Agreed that point 2 is standard and just a procedural detail.

If I understand point 3, it is a multiple of point 1. A statistical analysis of the series of shots. Definitely interesting from a machine performance perspective, but from a taste perspective might be the equivalent of mixing all 10 shots together to see what the average shot tastes like. This measure is less interesting to me, a home barista who almost always drinks his first shot and doesn't pull many beyond that, but may be critical to a professional barista. The danger is that these results could be used to produce a machine that excels at producing mediocre shots. So whatever is done to analyze this point, it is only useful to amplify the results of point 1.
michaelb, lmwdp 24

User avatar
another_jim
Team HB

#20: Post by another_jim »

I guess I'm not getting a lot of feedback on the profile independent error measures. I wonder if it's worth working on.
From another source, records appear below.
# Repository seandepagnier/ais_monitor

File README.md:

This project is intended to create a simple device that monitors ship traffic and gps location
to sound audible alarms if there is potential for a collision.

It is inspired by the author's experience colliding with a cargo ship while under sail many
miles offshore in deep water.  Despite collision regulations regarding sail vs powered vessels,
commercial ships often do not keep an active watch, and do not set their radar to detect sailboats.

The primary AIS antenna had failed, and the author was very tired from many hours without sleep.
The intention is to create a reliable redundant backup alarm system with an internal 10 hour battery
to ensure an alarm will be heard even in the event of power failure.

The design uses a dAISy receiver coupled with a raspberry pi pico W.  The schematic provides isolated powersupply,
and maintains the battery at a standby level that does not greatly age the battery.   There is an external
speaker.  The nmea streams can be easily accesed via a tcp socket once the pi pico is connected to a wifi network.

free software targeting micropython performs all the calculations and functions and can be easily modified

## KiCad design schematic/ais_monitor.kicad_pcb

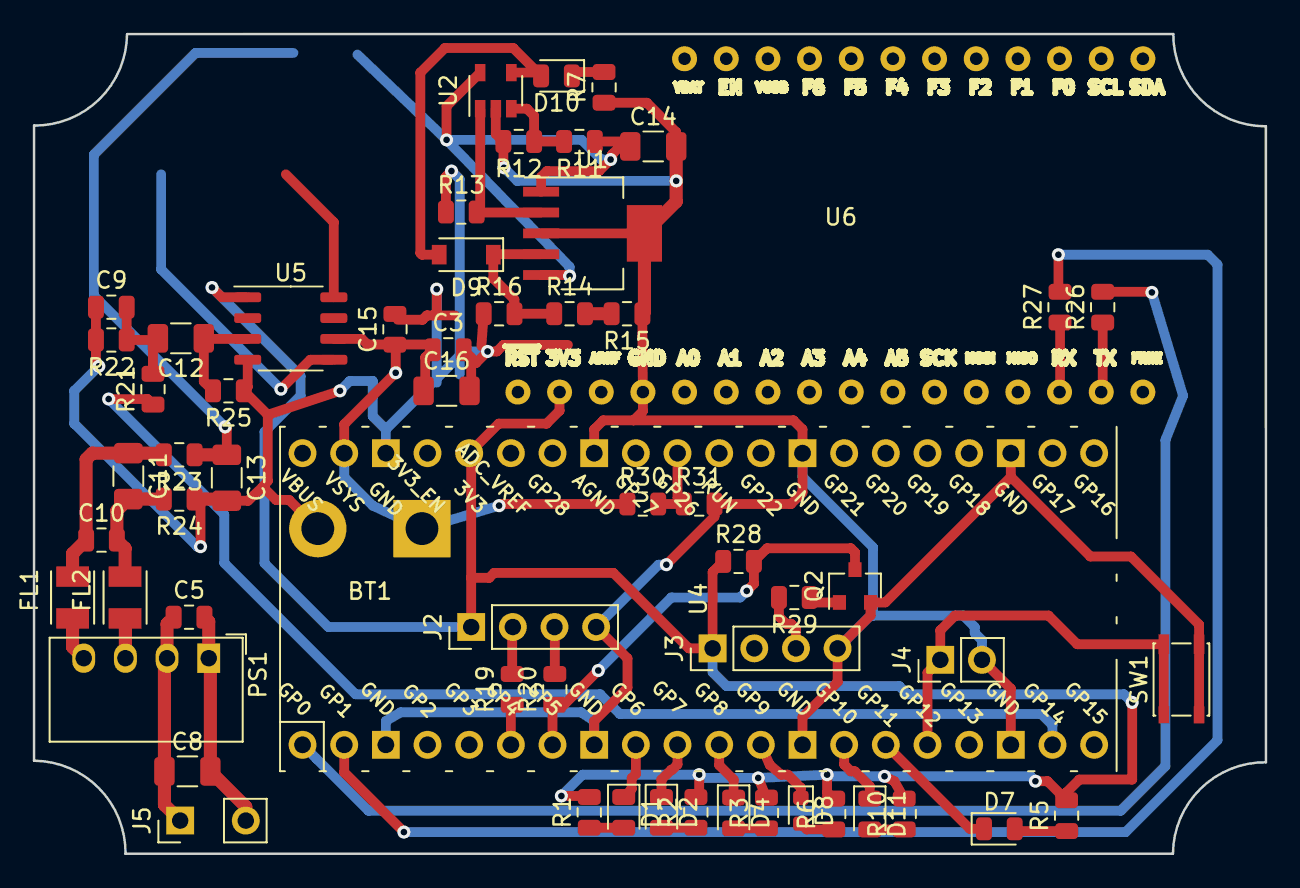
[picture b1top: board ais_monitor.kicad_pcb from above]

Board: 2 copper layers, 75.1 x 50.0 mm, 60 parts (0 on the bottom side), 43 nets.

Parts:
BT1: Battery; SolderWirePad_1x02_P7.62mm_Drill2mm
C3: 1u; C_0805_2012Metric
C5, C9, C10, C15: 100n; C_0805_2012Metric
C8, C11, C12, C13, C14, C16: 10u; C_1206_3216Metric
D1: PWR; LED_0805_2012Metric
D2: AIS; LED_0805_2012Metric
D4: GPS; LED_0805_2012Metric
D7: MUTE; LED_0805_2012Metric
D8: SHIPS; LED_0603_1608Metric
D9: D; D_SOD-123
D10: CHARGE; LED_0805_2012Metric
D11: OWNSHIP; LED_0805_2012Metric
FL1, FL2: NFZ32BW151HN11L; FIL_NFZ32BW151HN11L
J2: GPS; PinHeader_1x04_P2.54mm_Vertical
J3: GPS RS232; PinHeader_1x04_P2.54mm_Vertical
J4: mute; PinHeader_1x02_P2.54mm_Vertical
J5: IN5; PinHeader_1x02_P2.54mm_Vertical
PS1: HLK-PM03; Converter_DCDC_muRata_CRE1xxxxxx3C_THT
Q2: Q_NMOS_DGS; SOT-23
R1, R5, R7, R19, R20, R26, R27, R28, R29: 2k4; R_0805_2012Metric
R2, R3, R6, R10: 1k2; R_0805_2012Metric
R11: 10k; R_0805_2012Metric
R12, R30, R31: 100k; R_0805_2012Metric
R13: 4.7; R_0805_2012Metric
R14: 20k; R_0805_2012Metric
R15, R25: 1k; R_0805_2012Metric
R16: 47k; R_0805_2012Metric
R21, R22: 100; R_0805_2012Metric
R23, R24: 1; R_0805_2012Metric
SW1: Mute; SW_SPST_PTS810
U1: TPS73701; SOT-223-6_TabPin3
U2: LM321; SOT-23-5
U4: Pico; RPi_Pico_SMD_TH
U5: PAM8302AAD; SOP-8_3.9x4.9mm_P1.27mm
U6: feather

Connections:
+3V3: J2.1, J3.1, R1.2, R2.2, R3.2, R5.2, R6.2, R10.2, R28.1, U4.36, U5.1, U6.14
+5V: C13.1, C14.1, R11.1, R23.1, U1.1, U1.5, U2.5
+BATT: BT1.1, C3.1, C15.1, C16.1, R13.1, R16.1, R30.1, U4.39, U5.6
AIS: D2.1, U4.10
GND: BT1.2, C3.2, C9.1, C13.2, C14.2, C15.2, C16.2, J2.4, J3.4, J4.2, Q2.2, R7.1, R12.2, R15.1, R22.2, R24.1, R25.1, R31.2, SW1.2, U1.3, U2.2, U4.3, U4.8, U4.13, U4.18, U4.23, U4.28, U4.33, U4.38, U5.4, U5.7, U6.16
GPS: D4.1, U4.11
MUTE: D7.1, U4.15
MUTEB: J4.1, SW1.1, U4.16
unnamed: C5.2, C8.2, J5.2, PS1.1
unnamed: C5.1, C8.1, J5.1, PS1.2
unnamed: C10.1, C11.1, FL1.2, R23.2
unnamed: C10.2, C11.2, FL2.2, R24.2
unnamed: C12.1, R25.2, U5.3
unnamed: C9.2, C12.2, R21.2, R22.1
unnamed: D1.2, R1.1
unnamed: D2.2, R2.1
unnamed: D4.2, R3.1
unnamed: D7.2, R5.1
unnamed: D8.2, R6.1
unnamed: D9.1, R14.1, R16.2, U1.4
unnamed: D10.1, R7.2
unnamed: D9.2, D10.2, U2.4
unnamed: D11.2, R10.1
unnamed: FL1.1, PS1.4
unnamed: FL2.1, PS1.3
unnamed: J2.2, R19.2
unnamed: J2.3, R20.2
unnamed: J3.3, R29.2
unnamed: Q2.1, R29.1
unnamed: R11.2, R12.1, U2.3
unnamed: R13.2, U1.2, U2.1
unnamed: R14.2, R15.2
unnamed: R21.1, U4.19
unnamed: R26.1, U6.27
unnamed: R27.1, U6.26
unnamed: R30.2, R31.1, U4.31
OWNSHIP: D11.1, U4.14
PWR: D1.1, U4.9
RX0: R27.2, U4.2
RX1: Q2.3, R20.1, R28.2, U4.7
SHIPS: D8.1, U4.12
TX0: R26.2, U4.1
TX1: R19.1, U4.6

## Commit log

2024-02-24 more updates
2024-02-24 add boot
2024-03-15 many updates

To Espressoperson. With serial correlation (i.e if one observation is X degrees, the next one is going to be X or very close to X), measures of time on or off target can become deceptive as well.

As a correction to myself, on second thought, a standard deviation will work unmodified as a measure of accuracy. However, because of the correlated observations, calculations on how repeatable that standard deviation will be on subsequent tests will be off in an optimistic direction (that is, the number of independent readings one has gathered is less than the number of correlated observations, so any confidence interval derived using calculations based on independent observations will be too optimistic).